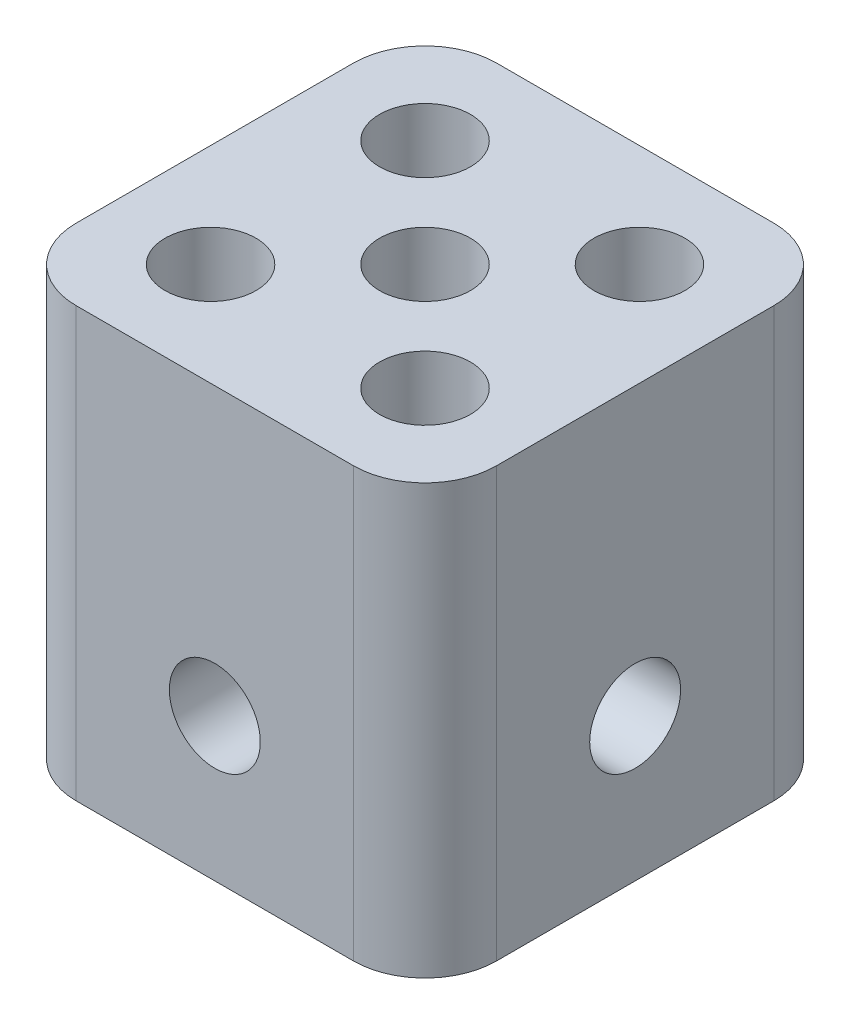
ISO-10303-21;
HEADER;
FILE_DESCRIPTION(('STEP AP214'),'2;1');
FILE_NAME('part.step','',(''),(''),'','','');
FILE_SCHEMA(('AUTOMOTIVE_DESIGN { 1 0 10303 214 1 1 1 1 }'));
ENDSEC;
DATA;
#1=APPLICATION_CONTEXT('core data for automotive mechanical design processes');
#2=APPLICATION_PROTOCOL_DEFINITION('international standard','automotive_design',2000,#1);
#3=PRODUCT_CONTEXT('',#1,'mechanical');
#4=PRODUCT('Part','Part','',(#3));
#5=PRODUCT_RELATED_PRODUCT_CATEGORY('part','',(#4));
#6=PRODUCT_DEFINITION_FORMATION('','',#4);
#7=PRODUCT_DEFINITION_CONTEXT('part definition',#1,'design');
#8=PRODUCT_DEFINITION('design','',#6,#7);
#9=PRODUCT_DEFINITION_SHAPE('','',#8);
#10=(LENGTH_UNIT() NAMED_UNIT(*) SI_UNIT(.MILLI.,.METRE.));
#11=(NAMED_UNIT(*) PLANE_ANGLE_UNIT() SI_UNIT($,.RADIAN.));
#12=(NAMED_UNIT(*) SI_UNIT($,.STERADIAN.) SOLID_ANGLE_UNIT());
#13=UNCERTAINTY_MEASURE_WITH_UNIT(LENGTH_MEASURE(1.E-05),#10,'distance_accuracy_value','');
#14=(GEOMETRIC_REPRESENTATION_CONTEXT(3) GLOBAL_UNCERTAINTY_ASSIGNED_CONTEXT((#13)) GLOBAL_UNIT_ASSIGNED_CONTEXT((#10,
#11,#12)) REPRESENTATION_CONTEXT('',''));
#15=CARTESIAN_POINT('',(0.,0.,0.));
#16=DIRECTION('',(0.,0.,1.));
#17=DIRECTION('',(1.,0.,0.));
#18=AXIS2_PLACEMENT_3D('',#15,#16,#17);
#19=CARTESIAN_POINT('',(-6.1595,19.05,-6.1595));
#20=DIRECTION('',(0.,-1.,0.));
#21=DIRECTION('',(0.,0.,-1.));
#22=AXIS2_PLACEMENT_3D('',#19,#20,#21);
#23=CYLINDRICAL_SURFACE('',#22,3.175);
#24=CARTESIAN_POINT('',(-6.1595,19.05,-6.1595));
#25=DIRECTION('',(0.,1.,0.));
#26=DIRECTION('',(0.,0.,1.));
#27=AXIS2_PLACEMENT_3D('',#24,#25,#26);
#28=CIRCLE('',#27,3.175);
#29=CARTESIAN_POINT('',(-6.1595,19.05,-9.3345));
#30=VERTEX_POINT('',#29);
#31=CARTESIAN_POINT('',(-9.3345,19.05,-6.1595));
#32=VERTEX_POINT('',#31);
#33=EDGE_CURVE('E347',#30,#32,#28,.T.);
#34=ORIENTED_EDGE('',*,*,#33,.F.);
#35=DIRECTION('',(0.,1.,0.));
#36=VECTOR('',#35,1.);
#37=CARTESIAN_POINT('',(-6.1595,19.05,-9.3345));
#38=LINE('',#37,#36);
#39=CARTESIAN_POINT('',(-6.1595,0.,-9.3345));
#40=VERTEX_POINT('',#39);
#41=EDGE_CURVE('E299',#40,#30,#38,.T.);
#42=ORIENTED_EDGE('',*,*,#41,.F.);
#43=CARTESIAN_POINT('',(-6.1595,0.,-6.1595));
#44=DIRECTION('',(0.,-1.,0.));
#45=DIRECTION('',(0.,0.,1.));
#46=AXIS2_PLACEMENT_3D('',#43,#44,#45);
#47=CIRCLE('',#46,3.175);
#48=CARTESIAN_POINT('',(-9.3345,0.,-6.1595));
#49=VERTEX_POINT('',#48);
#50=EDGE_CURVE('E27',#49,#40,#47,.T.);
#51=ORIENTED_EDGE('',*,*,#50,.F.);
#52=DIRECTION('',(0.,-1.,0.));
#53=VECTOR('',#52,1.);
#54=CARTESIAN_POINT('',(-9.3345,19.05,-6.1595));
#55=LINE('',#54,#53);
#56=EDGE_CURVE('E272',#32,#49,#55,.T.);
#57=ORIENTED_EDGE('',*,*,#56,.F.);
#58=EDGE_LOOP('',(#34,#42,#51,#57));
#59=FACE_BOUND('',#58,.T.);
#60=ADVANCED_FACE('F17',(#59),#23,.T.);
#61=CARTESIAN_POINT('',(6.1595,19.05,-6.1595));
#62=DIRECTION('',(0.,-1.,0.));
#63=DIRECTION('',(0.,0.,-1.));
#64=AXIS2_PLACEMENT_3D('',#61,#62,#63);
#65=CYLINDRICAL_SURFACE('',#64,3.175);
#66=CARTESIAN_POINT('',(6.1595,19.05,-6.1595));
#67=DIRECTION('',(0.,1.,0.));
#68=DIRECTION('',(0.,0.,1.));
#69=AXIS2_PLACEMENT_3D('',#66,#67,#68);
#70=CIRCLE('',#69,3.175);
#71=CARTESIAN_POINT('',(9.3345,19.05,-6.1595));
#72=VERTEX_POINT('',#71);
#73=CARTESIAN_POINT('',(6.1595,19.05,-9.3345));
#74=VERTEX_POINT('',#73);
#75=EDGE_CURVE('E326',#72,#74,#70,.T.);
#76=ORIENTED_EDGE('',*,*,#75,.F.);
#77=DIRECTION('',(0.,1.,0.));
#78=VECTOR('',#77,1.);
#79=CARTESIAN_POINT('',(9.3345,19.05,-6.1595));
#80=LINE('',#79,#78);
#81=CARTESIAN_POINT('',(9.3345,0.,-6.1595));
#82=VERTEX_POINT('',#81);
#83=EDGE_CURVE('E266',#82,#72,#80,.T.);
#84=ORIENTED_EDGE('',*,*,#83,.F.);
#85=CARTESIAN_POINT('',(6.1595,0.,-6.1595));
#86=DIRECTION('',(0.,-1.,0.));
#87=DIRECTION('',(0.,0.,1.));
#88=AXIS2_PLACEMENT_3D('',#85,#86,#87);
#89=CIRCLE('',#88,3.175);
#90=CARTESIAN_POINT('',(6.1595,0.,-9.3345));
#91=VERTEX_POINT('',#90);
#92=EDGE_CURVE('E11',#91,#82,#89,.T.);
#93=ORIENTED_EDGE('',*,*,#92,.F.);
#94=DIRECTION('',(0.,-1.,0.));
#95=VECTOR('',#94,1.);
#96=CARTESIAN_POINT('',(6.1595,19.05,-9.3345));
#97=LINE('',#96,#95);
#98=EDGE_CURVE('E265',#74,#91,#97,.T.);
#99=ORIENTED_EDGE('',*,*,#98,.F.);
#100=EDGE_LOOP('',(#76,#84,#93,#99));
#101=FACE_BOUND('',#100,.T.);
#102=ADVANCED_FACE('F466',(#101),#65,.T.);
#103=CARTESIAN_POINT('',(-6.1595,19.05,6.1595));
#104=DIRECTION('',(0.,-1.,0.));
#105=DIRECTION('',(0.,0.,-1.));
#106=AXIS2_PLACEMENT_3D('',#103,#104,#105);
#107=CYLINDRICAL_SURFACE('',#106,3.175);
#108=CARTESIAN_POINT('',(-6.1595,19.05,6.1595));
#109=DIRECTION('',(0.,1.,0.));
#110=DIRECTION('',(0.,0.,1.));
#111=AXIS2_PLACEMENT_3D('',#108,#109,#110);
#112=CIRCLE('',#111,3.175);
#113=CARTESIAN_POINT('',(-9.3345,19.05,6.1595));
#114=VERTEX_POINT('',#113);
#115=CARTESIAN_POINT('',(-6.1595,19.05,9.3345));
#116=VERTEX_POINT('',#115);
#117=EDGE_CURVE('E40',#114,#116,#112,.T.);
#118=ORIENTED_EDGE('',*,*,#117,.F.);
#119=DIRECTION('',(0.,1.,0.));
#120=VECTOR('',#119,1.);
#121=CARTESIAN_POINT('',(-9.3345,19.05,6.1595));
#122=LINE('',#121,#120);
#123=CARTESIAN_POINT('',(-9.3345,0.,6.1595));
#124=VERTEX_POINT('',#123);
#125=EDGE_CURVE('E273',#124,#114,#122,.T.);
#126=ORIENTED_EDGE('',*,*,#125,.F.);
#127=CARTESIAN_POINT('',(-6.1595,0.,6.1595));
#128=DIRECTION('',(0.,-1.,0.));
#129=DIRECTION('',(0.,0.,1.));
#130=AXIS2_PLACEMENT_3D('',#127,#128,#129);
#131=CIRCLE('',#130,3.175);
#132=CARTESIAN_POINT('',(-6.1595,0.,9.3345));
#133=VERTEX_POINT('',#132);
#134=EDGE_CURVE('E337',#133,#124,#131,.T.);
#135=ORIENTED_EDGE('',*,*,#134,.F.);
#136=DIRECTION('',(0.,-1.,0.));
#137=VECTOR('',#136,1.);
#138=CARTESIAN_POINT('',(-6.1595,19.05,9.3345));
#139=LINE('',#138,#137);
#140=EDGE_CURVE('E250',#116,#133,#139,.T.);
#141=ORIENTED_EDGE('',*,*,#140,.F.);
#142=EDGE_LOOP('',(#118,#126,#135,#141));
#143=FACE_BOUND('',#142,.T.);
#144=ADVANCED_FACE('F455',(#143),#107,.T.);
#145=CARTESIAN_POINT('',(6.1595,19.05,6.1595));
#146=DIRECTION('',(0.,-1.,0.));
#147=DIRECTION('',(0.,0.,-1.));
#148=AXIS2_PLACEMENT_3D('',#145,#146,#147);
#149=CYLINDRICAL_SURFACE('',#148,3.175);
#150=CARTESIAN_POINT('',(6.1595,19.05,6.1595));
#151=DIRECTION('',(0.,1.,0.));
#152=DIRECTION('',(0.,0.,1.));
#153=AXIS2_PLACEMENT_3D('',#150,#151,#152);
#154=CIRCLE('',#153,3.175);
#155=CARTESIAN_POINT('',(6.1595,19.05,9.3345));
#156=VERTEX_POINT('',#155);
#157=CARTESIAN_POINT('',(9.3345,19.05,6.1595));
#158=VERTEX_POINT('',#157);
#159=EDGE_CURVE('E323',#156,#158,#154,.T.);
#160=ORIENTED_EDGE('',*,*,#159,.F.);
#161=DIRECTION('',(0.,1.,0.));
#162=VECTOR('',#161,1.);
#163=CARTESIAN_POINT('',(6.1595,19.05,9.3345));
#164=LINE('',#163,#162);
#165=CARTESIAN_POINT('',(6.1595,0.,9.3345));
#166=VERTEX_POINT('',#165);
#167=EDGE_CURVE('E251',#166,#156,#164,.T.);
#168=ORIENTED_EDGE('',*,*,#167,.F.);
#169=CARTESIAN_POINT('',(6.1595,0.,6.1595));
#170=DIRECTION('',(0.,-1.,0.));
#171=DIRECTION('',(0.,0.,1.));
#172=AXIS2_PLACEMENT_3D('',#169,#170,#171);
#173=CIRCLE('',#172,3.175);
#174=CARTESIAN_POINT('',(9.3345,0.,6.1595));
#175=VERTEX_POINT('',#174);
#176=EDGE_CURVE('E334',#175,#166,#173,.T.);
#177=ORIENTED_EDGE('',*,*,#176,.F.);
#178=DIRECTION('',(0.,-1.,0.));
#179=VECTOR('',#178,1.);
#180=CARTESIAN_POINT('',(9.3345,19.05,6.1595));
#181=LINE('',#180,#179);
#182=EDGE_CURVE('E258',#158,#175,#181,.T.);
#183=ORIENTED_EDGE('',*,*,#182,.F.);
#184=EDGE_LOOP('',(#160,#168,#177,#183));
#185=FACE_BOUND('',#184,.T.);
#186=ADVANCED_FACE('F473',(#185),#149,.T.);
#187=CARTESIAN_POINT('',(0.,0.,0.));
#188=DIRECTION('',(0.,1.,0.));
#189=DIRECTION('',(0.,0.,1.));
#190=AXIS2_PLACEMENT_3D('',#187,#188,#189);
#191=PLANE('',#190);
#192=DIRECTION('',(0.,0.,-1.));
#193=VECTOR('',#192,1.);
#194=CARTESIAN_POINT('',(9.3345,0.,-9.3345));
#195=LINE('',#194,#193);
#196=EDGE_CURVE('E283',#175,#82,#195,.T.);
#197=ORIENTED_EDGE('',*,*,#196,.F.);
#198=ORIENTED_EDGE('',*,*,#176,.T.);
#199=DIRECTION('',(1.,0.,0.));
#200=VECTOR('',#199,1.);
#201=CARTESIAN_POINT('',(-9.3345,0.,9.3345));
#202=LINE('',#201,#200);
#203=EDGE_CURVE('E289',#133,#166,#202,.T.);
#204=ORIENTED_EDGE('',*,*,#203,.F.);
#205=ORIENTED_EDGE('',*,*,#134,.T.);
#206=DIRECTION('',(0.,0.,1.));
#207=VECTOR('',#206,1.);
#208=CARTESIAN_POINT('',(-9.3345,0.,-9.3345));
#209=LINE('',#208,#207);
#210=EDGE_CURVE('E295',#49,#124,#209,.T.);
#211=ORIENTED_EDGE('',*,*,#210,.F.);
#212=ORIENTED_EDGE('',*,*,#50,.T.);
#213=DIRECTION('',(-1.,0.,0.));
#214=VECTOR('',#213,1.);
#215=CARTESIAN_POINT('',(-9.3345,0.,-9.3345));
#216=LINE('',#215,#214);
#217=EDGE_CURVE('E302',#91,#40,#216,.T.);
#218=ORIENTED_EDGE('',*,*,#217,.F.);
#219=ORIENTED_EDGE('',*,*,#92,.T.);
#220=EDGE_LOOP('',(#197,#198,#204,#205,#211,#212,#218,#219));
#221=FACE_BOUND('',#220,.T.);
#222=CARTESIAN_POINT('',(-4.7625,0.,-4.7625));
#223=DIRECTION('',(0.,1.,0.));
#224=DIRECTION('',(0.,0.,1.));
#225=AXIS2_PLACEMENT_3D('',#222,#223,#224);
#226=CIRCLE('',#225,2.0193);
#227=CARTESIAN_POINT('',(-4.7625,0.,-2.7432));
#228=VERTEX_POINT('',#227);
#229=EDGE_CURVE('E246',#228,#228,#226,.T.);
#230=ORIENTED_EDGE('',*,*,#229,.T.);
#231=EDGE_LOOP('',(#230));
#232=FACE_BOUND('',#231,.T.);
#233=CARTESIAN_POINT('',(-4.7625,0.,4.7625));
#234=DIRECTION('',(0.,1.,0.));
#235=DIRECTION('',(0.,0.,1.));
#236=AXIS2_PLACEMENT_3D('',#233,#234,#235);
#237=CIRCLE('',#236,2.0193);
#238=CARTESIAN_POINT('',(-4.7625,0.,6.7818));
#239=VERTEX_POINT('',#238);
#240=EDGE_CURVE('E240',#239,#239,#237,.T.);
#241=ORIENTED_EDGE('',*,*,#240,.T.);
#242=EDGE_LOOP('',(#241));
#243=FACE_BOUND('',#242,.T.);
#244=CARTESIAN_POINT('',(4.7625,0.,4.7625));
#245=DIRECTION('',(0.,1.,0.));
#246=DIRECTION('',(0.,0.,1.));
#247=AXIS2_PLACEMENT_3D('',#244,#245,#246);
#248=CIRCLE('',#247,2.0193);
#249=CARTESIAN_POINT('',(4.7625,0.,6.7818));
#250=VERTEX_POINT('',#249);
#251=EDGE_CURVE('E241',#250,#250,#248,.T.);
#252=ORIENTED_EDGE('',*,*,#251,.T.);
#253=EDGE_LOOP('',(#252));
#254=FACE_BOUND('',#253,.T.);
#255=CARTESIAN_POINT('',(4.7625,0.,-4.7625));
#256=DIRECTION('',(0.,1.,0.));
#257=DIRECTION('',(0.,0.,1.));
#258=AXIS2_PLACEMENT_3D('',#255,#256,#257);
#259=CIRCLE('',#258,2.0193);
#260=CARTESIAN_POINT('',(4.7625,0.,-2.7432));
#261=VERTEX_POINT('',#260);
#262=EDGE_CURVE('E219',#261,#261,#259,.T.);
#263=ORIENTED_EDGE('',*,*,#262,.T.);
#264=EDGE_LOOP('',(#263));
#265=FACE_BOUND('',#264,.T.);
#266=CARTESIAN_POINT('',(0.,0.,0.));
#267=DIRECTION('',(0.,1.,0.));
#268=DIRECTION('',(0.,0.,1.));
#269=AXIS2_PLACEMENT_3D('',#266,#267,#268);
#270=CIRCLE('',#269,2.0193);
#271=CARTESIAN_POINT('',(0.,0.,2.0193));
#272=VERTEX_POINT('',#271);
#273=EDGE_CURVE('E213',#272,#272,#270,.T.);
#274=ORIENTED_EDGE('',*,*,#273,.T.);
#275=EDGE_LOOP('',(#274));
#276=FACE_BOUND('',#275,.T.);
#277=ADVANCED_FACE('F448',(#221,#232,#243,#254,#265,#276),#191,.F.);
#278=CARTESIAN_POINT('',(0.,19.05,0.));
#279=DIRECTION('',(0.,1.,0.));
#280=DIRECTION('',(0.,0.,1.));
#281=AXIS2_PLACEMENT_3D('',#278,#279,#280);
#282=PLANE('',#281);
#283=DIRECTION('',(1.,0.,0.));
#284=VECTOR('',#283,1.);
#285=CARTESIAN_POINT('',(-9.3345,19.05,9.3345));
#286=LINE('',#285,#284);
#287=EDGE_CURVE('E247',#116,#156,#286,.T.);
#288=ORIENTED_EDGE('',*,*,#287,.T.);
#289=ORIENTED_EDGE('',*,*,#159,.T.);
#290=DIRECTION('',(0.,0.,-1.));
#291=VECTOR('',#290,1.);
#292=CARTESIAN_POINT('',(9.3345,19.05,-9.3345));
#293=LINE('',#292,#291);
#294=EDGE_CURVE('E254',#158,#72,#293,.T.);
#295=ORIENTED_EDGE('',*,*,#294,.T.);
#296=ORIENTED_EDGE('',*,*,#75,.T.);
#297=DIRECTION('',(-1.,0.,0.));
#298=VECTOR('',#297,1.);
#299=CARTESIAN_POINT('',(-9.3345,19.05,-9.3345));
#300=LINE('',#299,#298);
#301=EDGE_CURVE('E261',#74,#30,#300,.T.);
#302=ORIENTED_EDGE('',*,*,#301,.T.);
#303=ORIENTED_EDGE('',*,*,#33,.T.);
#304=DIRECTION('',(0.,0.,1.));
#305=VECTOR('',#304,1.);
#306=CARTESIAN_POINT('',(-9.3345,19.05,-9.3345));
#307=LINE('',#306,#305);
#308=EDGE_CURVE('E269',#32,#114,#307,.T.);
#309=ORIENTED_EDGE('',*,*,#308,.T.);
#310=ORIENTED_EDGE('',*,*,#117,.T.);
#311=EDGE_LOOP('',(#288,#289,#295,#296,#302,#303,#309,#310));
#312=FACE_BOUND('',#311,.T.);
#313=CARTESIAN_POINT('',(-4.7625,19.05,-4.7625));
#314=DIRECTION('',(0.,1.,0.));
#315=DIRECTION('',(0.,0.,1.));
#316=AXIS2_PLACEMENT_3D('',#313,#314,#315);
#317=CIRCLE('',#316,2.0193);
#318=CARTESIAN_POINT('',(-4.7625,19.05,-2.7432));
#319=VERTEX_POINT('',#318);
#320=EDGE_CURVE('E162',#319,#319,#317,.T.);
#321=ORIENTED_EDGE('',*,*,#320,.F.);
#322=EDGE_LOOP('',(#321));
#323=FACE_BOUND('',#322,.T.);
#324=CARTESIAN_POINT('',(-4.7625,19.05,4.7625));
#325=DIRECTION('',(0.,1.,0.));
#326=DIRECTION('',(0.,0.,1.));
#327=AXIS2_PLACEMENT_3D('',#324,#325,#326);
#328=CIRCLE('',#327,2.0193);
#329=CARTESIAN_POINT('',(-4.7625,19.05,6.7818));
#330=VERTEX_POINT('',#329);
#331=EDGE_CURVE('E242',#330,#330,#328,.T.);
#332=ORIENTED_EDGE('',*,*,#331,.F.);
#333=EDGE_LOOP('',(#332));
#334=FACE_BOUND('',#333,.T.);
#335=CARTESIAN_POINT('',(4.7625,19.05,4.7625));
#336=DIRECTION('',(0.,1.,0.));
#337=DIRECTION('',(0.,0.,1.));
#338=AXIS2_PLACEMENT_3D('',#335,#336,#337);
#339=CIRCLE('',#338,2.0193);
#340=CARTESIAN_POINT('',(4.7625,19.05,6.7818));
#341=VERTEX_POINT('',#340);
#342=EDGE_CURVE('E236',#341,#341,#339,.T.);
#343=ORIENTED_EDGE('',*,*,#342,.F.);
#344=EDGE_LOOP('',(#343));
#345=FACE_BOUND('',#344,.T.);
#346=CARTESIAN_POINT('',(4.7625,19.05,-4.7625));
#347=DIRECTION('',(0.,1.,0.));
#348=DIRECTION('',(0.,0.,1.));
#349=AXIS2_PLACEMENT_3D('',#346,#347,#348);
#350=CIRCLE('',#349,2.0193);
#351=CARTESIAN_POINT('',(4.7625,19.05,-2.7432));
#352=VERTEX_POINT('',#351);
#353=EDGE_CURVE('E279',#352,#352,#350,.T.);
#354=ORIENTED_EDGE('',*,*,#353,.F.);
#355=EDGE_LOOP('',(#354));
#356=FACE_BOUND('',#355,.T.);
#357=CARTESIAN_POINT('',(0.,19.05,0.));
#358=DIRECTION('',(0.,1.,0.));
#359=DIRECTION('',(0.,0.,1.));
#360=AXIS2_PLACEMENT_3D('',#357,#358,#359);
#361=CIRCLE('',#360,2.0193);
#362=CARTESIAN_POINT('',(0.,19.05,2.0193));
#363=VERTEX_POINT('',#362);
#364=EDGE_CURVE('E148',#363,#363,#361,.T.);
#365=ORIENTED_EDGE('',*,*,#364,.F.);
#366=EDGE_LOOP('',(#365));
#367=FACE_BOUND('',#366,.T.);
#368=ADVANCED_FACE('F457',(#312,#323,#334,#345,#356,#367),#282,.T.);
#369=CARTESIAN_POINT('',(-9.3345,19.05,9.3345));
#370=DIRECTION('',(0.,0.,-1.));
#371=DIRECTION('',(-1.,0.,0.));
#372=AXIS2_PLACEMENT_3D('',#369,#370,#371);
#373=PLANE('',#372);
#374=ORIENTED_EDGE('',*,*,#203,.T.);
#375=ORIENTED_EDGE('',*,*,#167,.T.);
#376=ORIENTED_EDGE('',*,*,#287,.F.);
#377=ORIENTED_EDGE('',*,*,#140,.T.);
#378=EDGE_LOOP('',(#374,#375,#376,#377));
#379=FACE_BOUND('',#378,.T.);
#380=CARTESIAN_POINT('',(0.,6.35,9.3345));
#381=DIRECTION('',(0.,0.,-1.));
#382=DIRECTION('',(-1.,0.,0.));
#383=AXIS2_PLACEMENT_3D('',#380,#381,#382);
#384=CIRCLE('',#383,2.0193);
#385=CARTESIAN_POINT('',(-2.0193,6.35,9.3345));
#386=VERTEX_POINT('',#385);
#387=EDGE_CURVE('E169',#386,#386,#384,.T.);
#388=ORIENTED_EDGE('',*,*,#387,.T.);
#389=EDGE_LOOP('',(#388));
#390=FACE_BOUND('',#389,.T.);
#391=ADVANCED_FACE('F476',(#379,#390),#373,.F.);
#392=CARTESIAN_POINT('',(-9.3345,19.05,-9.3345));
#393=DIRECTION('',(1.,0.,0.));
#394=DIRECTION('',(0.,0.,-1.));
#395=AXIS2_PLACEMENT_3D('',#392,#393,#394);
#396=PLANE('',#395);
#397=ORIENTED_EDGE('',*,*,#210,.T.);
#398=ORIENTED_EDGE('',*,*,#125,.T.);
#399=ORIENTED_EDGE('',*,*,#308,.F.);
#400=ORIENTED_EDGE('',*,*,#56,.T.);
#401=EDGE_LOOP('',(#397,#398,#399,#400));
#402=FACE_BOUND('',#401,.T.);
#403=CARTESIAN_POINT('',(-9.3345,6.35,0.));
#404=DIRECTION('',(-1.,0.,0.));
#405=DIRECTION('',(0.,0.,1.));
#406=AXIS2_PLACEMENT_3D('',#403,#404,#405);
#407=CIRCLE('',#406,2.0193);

## [Assignment]
From the line that has "#140=EDGE_CURVE('E250',#116,#133,#139,.T.);" through the line that has "#149=CYLINDRICAL_SURFACE('',#148,3.175);", copy every line exactly as it appears above, and leave out all others.

## [Answer section]
#140=EDGE_CURVE('E250',#116,#133,#139,.T.);
#141=ORIENTED_EDGE('',*,*,#140,.F.);
#142=EDGE_LOOP('',(#118,#126,#135,#141));
#143=FACE_BOUND('',#142,.T.);
#144=ADVANCED_FACE('F455',(#143),#107,.T.);
#145=CARTESIAN_POINT('',(6.1595,19.05,6.1595));
#146=DIRECTION('',(0.,-1.,0.));
#147=DIRECTION('',(0.,0.,-1.));
#148=AXIS2_PLACEMENT_3D('',#145,#146,#147);
#149=CYLINDRICAL_SURFACE('',#148,3.175);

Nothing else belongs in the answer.